More pictures from Namibia. (Do not click if the sight of recently-deceased animals offends you, as there are a couple here.) I wish I had my camera for longer before the trip as I have learned more in the interim.


----------



## Hullahopper

After I viewed this thread let me start off by saying I'm bringing a knife to a gun fight when dealing with this crowd! *Wow! we really have some gifted photographers in our group.* Although I can't really compete with most of you fine folks with a camera, as a hunter & a fisherman I truly have your passion for sunrises and sunsets. Here are three that stir some memories for me.

*Goose hunt:* The first is a sunrise near Eagle Lake with a few thousand geese in the background. This was taken last Sunday morning.

*West Galveston Bay:* Sunset taken from the deck of our canal house about a week after we purchased it. Since then a new house has been built across from us that would have blocked out the view of the sailboat in the picture!

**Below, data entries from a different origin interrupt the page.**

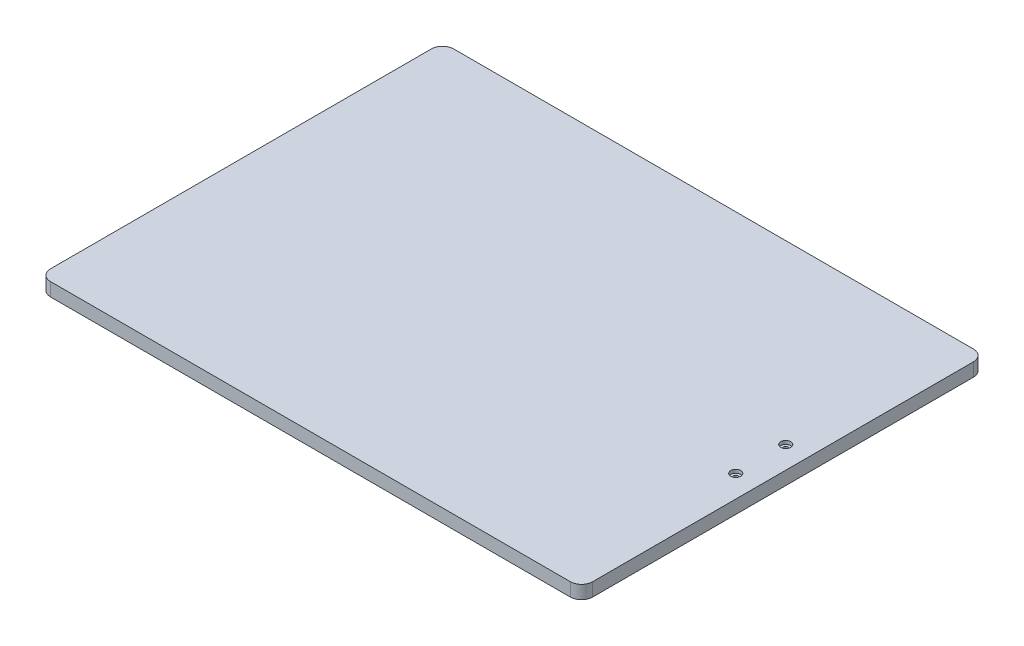
ISO-10303-21;
HEADER;
FILE_DESCRIPTION(('STEP AP214'),'2;1');
FILE_NAME('part.step','',(''),(''),'','','');
FILE_SCHEMA(('AUTOMOTIVE_DESIGN { 1 0 10303 214 1 1 1 1 }'));
ENDSEC;
DATA;
#1=APPLICATION_CONTEXT('core data for automotive mechanical design processes');
#2=APPLICATION_PROTOCOL_DEFINITION('international standard','automotive_design',2000,#1);
#3=PRODUCT_CONTEXT('',#1,'mechanical');
#4=PRODUCT('Part','Part','',(#3));
#5=PRODUCT_RELATED_PRODUCT_CATEGORY('part','',(#4));
#6=PRODUCT_DEFINITION_FORMATION('','',#4);
#7=PRODUCT_DEFINITION_CONTEXT('part definition',#1,'design');
#8=PRODUCT_DEFINITION('design','',#6,#7);
#9=PRODUCT_DEFINITION_SHAPE('','',#8);
#10=(LENGTH_UNIT() NAMED_UNIT(*) SI_UNIT(.MILLI.,.METRE.));
#11=(NAMED_UNIT(*) PLANE_ANGLE_UNIT() SI_UNIT($,.RADIAN.));
#12=(NAMED_UNIT(*) SI_UNIT($,.STERADIAN.) SOLID_ANGLE_UNIT());
#13=UNCERTAINTY_MEASURE_WITH_UNIT(LENGTH_MEASURE(1.E-05),#10,'distance_accuracy_value','');
#14=(GEOMETRIC_REPRESENTATION_CONTEXT(3) GLOBAL_UNCERTAINTY_ASSIGNED_CONTEXT((#13)) GLOBAL_UNIT_ASSIGNED_CONTEXT((#10,
#11,#12)) REPRESENTATION_CONTEXT('',''));
#15=CARTESIAN_POINT('',(0.,0.,0.));
#16=DIRECTION('',(0.,0.,1.));
#17=DIRECTION('',(1.,0.,0.));
#18=AXIS2_PLACEMENT_3D('',#15,#16,#17);
#19=CARTESIAN_POINT('',(243.75,12.,181.25));
#20=DIRECTION('',(-1.,0.,0.));
#21=DIRECTION('',(0.,0.,1.));
#22=AXIS2_PLACEMENT_3D('',#19,#20,#21);
#23=PLANE('',#22);
#24=DIRECTION('',(0.,0.,-1.));
#25=VECTOR('',#24,1.);
#26=CARTESIAN_POINT('',(243.75,12.,181.25));
#27=LINE('',#26,#25);
#28=CARTESIAN_POINT('',(243.75,12.,171.25));
#29=VERTEX_POINT('',#28);
#30=CARTESIAN_POINT('',(243.75,12.,-171.25));
#31=VERTEX_POINT('',#30);
#32=EDGE_CURVE('E126',#29,#31,#27,.T.);
#33=ORIENTED_EDGE('',*,*,#32,.F.);
#34=DIRECTION('',(0.,-1.,0.));
#35=VECTOR('',#34,1.);
#36=CARTESIAN_POINT('',(243.75,12.,171.25));
#37=LINE('',#36,#35);
#38=CARTESIAN_POINT('',(243.75,0.,171.25));
#39=VERTEX_POINT('',#38);
#40=EDGE_CURVE('E110',#29,#39,#37,.T.);
#41=ORIENTED_EDGE('',*,*,#40,.T.);
#42=DIRECTION('',(0.,0.,-1.));
#43=VECTOR('',#42,1.);
#44=CARTESIAN_POINT('',(243.75,0.,181.25));
#45=LINE('',#44,#43);
#46=CARTESIAN_POINT('',(243.75,0.,-171.25));
#47=VERTEX_POINT('',#46);
#48=EDGE_CURVE('E123',#39,#47,#45,.T.);
#49=ORIENTED_EDGE('',*,*,#48,.T.);
#50=DIRECTION('',(0.,-1.,0.));
#51=VECTOR('',#50,1.);
#52=CARTESIAN_POINT('',(243.75,12.,-171.25));
#53=LINE('',#52,#51);
#54=EDGE_CURVE('E129',#47,#31,#53,.F.);
#55=ORIENTED_EDGE('',*,*,#54,.T.);
#56=EDGE_LOOP('',(#33,#41,#49,#55));
#57=FACE_BOUND('',#56,.T.);
#58=ADVANCED_FACE('F39',(#57),#23,.F.);
#59=CARTESIAN_POINT('',(-243.75,12.,-181.25));
#60=DIRECTION('',(0.,0.,1.));
#61=DIRECTION('',(1.,0.,0.));
#62=AXIS2_PLACEMENT_3D('',#59,#60,#61);
#63=PLANE('',#62);
#64=DIRECTION('',(-1.,0.,0.));
#65=VECTOR('',#64,1.);
#66=CARTESIAN_POINT('',(-243.75,0.,-181.25));
#67=LINE('',#66,#65);
#68=CARTESIAN_POINT('',(233.75,0.,-181.25));
#69=VERTEX_POINT('',#68);
#70=CARTESIAN_POINT('',(-233.75,0.,-181.25));
#71=VERTEX_POINT('',#70);
#72=EDGE_CURVE('E135',#69,#71,#67,.T.);
#73=ORIENTED_EDGE('',*,*,#72,.T.);
#74=DIRECTION('',(0.,-1.,0.));
#75=VECTOR('',#74,1.);
#76=CARTESIAN_POINT('',(-233.75,12.,-181.25));
#77=LINE('',#76,#75);
#78=CARTESIAN_POINT('',(-233.75,12.,-181.25));
#79=VERTEX_POINT('',#78);
#80=EDGE_CURVE('E11',#71,#79,#77,.F.);
#81=ORIENTED_EDGE('',*,*,#80,.T.);
#82=DIRECTION('',(-1.,0.,0.));
#83=VECTOR('',#82,1.);
#84=CARTESIAN_POINT('',(-243.75,12.,-181.25));
#85=LINE('',#84,#83);
#86=CARTESIAN_POINT('',(233.75,12.,-181.25));
#87=VERTEX_POINT('',#86);
#88=EDGE_CURVE('E191',#87,#79,#85,.T.);
#89=ORIENTED_EDGE('',*,*,#88,.F.);
#90=DIRECTION('',(0.,-1.,0.));
#91=VECTOR('',#90,1.);
#92=CARTESIAN_POINT('',(233.75,12.,-181.25));
#93=LINE('',#92,#91);
#94=EDGE_CURVE('E48',#87,#69,#93,.T.);
#95=ORIENTED_EDGE('',*,*,#94,.T.);
#96=EDGE_LOOP('',(#73,#81,#89,#95));
#97=FACE_BOUND('',#96,.T.);
#98=ADVANCED_FACE('F189',(#97),#63,.F.);
#99=CARTESIAN_POINT('',(-243.75,12.,181.25));
#100=DIRECTION('',(1.,0.,0.));
#101=DIRECTION('',(0.,0.,-1.));
#102=AXIS2_PLACEMENT_3D('',#99,#100,#101);
#103=PLANE('',#102);
#104=DIRECTION('',(0.,0.,1.));
#105=VECTOR('',#104,1.);
#106=CARTESIAN_POINT('',(-243.75,12.,181.25));
#107=LINE('',#106,#105);
#108=CARTESIAN_POINT('',(-243.75,12.,-171.25));
#109=VERTEX_POINT('',#108);
#110=CARTESIAN_POINT('',(-243.75,12.,171.25));
#111=VERTEX_POINT('',#110);
#112=EDGE_CURVE('E199',#109,#111,#107,.T.);
#113=ORIENTED_EDGE('',*,*,#112,.F.);
#114=DIRECTION('',(0.,-1.,0.));
#115=VECTOR('',#114,1.);
#116=CARTESIAN_POINT('',(-243.75,12.,-171.25));
#117=LINE('',#116,#115);
#118=CARTESIAN_POINT('',(-243.75,0.,-171.25));
#119=VERTEX_POINT('',#118);
#120=EDGE_CURVE('E181',#109,#119,#117,.T.);
#121=ORIENTED_EDGE('',*,*,#120,.T.);
#122=DIRECTION('',(0.,0.,1.));
#123=VECTOR('',#122,1.);
#124=CARTESIAN_POINT('',(-243.75,0.,181.25));
#125=LINE('',#124,#123);
#126=CARTESIAN_POINT('',(-243.75,0.,171.25));
#127=VERTEX_POINT('',#126);
#128=EDGE_CURVE('E141',#119,#127,#125,.T.);
#129=ORIENTED_EDGE('',*,*,#128,.T.);
#130=DIRECTION('',(0.,-1.,0.));
#131=VECTOR('',#130,1.);
#132=CARTESIAN_POINT('',(-243.75,12.,171.25));
#133=LINE('',#132,#131);
#134=EDGE_CURVE('E55',#127,#111,#133,.F.);
#135=ORIENTED_EDGE('',*,*,#134,.T.);
#136=EDGE_LOOP('',(#113,#121,#129,#135));
#137=FACE_BOUND('',#136,.T.);
#138=ADVANCED_FACE('F198',(#137),#103,.F.);
#139=CARTESIAN_POINT('',(-243.75,12.,181.25));
#140=DIRECTION('',(0.,0.,-1.));
#141=DIRECTION('',(-1.,0.,0.));
#142=AXIS2_PLACEMENT_3D('',#139,#140,#141);
#143=PLANE('',#142);
#144=DIRECTION('',(1.,0.,0.));
#145=VECTOR('',#144,1.);
#146=CARTESIAN_POINT('',(-243.75,0.,181.25));
#147=LINE('',#146,#145);
#148=CARTESIAN_POINT('',(-233.75,0.,181.25));
#149=VERTEX_POINT('',#148);
#150=CARTESIAN_POINT('',(233.75,0.,181.25));
#151=VERTEX_POINT('',#150);
#152=EDGE_CURVE('E152',#149,#151,#147,.T.);
#153=ORIENTED_EDGE('',*,*,#152,.T.);
#154=DIRECTION('',(0.,-1.,0.));
#155=VECTOR('',#154,1.);
#156=CARTESIAN_POINT('',(233.75,12.,181.25));
#157=LINE('',#156,#155);
#158=CARTESIAN_POINT('',(233.75,12.,181.25));
#159=VERTEX_POINT('',#158);
#160=EDGE_CURVE('E111',#151,#159,#157,.F.);
#161=ORIENTED_EDGE('',*,*,#160,.T.);
#162=DIRECTION('',(1.,0.,0.));
#163=VECTOR('',#162,1.);
#164=CARTESIAN_POINT('',(-243.75,12.,181.25));
#165=LINE('',#164,#163);
#166=CARTESIAN_POINT('',(-233.75,12.,181.25));
#167=VERTEX_POINT('',#166);
#168=EDGE_CURVE('E147',#167,#159,#165,.T.);
#169=ORIENTED_EDGE('',*,*,#168,.F.);
#170=DIRECTION('',(0.,-1.,0.));
#171=VECTOR('',#170,1.);
#172=CARTESIAN_POINT('',(-233.75,12.,181.25));
#173=LINE('',#172,#171);
#174=EDGE_CURVE('E117',#167,#149,#173,.T.);
#175=ORIENTED_EDGE('',*,*,#174,.T.);
#176=EDGE_LOOP('',(#153,#161,#169,#175));
#177=FACE_BOUND('',#176,.T.);
#178=ADVANCED_FACE('F242',(#177),#143,.F.);
#179=CARTESIAN_POINT('',(0.,12.,0.));
#180=DIRECTION('',(0.,-1.,0.));
#181=DIRECTION('',(0.,0.,-1.));
#182=AXIS2_PLACEMENT_3D('',#179,#180,#181);
#183=PLANE('',#182);
#184=CARTESIAN_POINT('',(223.75,12.,22.5));
#185=DIRECTION('',(0.,1.,0.));
#186=DIRECTION('',(0.,0.,1.));
#187=AXIS2_PLACEMENT_3D('',#184,#185,#186);
#188=CIRCLE('',#187,4.5);
#189=CARTESIAN_POINT('',(223.75,12.,27.));
#190=VERTEX_POINT('',#189);
#191=EDGE_CURVE('E232',#190,#190,#188,.T.);
#192=ORIENTED_EDGE('',*,*,#191,.F.);
#193=EDGE_LOOP('',(#192));
#194=FACE_BOUND('',#193,.T.);
#195=CARTESIAN_POINT('',(223.75,12.,-22.5));
#196=DIRECTION('',(0.,1.,0.));
#197=DIRECTION('',(0.,0.,1.));
#198=AXIS2_PLACEMENT_3D('',#195,#196,#197);
#199=CIRCLE('',#198,4.5);
#200=CARTESIAN_POINT('',(223.75,12.,-18.));
#201=VERTEX_POINT('',#200);
#202=EDGE_CURVE('E216',#201,#201,#199,.T.);
#203=ORIENTED_EDGE('',*,*,#202,.F.);
#204=EDGE_LOOP('',(#203));
#205=FACE_BOUND('',#204,.T.);
#206=ORIENTED_EDGE('',*,*,#168,.T.);
#207=CARTESIAN_POINT('',(233.75,12.,171.25));
#208=DIRECTION('',(0.,-1.,0.));
#209=DIRECTION('',(0.,0.,-1.));
#210=AXIS2_PLACEMENT_3D('',#207,#208,#209);
#211=CIRCLE('',#210,10.);
#212=EDGE_CURVE('E176',#159,#29,#211,.F.);
#213=ORIENTED_EDGE('',*,*,#212,.T.);
#214=ORIENTED_EDGE('',*,*,#32,.T.);
#215=CARTESIAN_POINT('',(233.75,12.,-171.25));
#216=DIRECTION('',(0.,-1.,0.));
#217=DIRECTION('',(0.,0.,-1.));
#218=AXIS2_PLACEMENT_3D('',#215,#216,#217);
#219=CIRCLE('',#218,10.);
#220=EDGE_CURVE('E171',#31,#87,#219,.F.);
#221=ORIENTED_EDGE('',*,*,#220,.T.);
#222=ORIENTED_EDGE('',*,*,#88,.T.);
#223=CARTESIAN_POINT('',(-233.75,12.,-171.25));
#224=DIRECTION('',(0.,-1.,0.));
#225=DIRECTION('',(0.,0.,-1.));
#226=AXIS2_PLACEMENT_3D('',#223,#224,#225);
#227=CIRCLE('',#226,10.);
#228=EDGE_CURVE('E62',#79,#109,#227,.F.);
#229=ORIENTED_EDGE('',*,*,#228,.T.);
#230=ORIENTED_EDGE('',*,*,#112,.T.);
#231=CARTESIAN_POINT('',(-233.75,12.,171.25));
#232=DIRECTION('',(0.,-1.,0.));
#233=DIRECTION('',(0.,0.,-1.));
#234=AXIS2_PLACEMENT_3D('',#231,#232,#233);
#235=CIRCLE('',#234,10.);
#236=EDGE_CURVE('E168',#111,#167,#235,.F.);
#237=ORIENTED_EDGE('',*,*,#236,.T.);
#238=EDGE_LOOP('',(#206,#213,#214,#221,#222,#229,#230,#237));
#239=FACE_BOUND('',#238,.T.);
#240=ADVANCED_FACE('F239',(#194,#205,#239),#183,.F.);
#241=CARTESIAN_POINT('',(0.,0.,0.));
#242=DIRECTION('',(0.,-1.,0.));
#243=DIRECTION('',(0.,0.,-1.));
#244=AXIS2_PLACEMENT_3D('',#241,#242,#243);
#245=PLANE('',#244);
#246=CARTESIAN_POINT('',(223.75,0.,22.5));
#247=DIRECTION('',(0.,1.,0.));
#248=DIRECTION('',(0.,0.,1.));
#249=AXIS2_PLACEMENT_3D('',#246,#247,#248);
#250=CIRCLE('',#249,2.25);
#251=CARTESIAN_POINT('',(223.75,0.,24.75));
#252=VERTEX_POINT('',#251);
#253=EDGE_CURVE('E220',#252,#252,#250,.T.);
#254=ORIENTED_EDGE('',*,*,#253,.T.);
#255=EDGE_LOOP('',(#254));
#256=FACE_BOUND('',#255,.T.);
#257=CARTESIAN_POINT('',(223.75,0.,-22.5));
#258=DIRECTION('',(0.,1.,0.));
#259=DIRECTION('',(0.,0.,1.));
#260=AXIS2_PLACEMENT_3D('',#257,#258,#259);
#261=CIRCLE('',#260,2.25);
#262=CARTESIAN_POINT('',(223.75,0.,-20.25));
#263=VERTEX_POINT('',#262);
#264=EDGE_CURVE('E136',#263,#263,#261,.T.);
#265=ORIENTED_EDGE('',*,*,#264,.T.);
#266=EDGE_LOOP('',(#265));
#267=FACE_BOUND('',#266,.T.);
#268=ORIENTED_EDGE('',*,*,#48,.F.);
#269=CARTESIAN_POINT('',(233.75,0.,171.25));
#270=DIRECTION('',(0.,-1.,0.));
#271=DIRECTION('',(0.,0.,-1.));
#272=AXIS2_PLACEMENT_3D('',#269,#270,#271);
#273=CIRCLE('',#272,10.);
#274=EDGE_CURVE('E106',#39,#151,#273,.T.);
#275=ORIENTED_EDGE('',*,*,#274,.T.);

*Alaska:* Sunrise picture of the Cook Inlet in route to the halibut fishing grounds. I was the only customer on board that day that didn't catch a fish! Rats! Fun trip anyway. Words & pictures simply can't describe Alaska, you just have to make it there at least once in your lifetime.


----------



## Kenner21

I've got my pics cut down to a smaller size only like 50kb's but they're not the right resolution I'm guessing ....it says they are too large? anyone want to help me out here how do I change the resolution?

nate


----------



## Charles Helm

Kenner21 said:


> I've got my pics cut down to a smaller size only like 50kb's but they're not the right resolution I'm guessing ....it says they are too large? anyone want to help me out here how do I change the resolution?
> 
> nate


It is the width in pixels that is the issue -- they need to be less than 650 pixels wide.

From the FAQ:

The maximum width on pictures is 650 pixels and the maximum size is 400KB.


----------



## capt henry

*poc 12-25-04*

my front yard in POC


----------



## bludaze

one more


----------



## Mrs Backlasher

Oooh! These just keep getting better and better!


----------



## limey

Seward, Alaska


----------



## Bigcat Dave

Lake Lavon (near Garland,TX)










It's hard to fish when God witnesses like this.

Dave


----------



## galvetraz

Sun up north Jetty last July....


----------



## CAPSIZED

I took these in Kona


----------



## tbaker

*Images*

Don't have any really good ones.....but thought I'd share a few....

1. Sunrise on Pier at San Pedro Belize.....caught bonefish, snook, snapper, and barracuda on this pier every day before the rest of the world even thought about waking up.

2. Sunset over West Matagorda Bay from Oyster Lake, Texas, USA.

3. Sunset and storm clouds over Golfo Dulce, Puerto Jimenez, Costa Rica.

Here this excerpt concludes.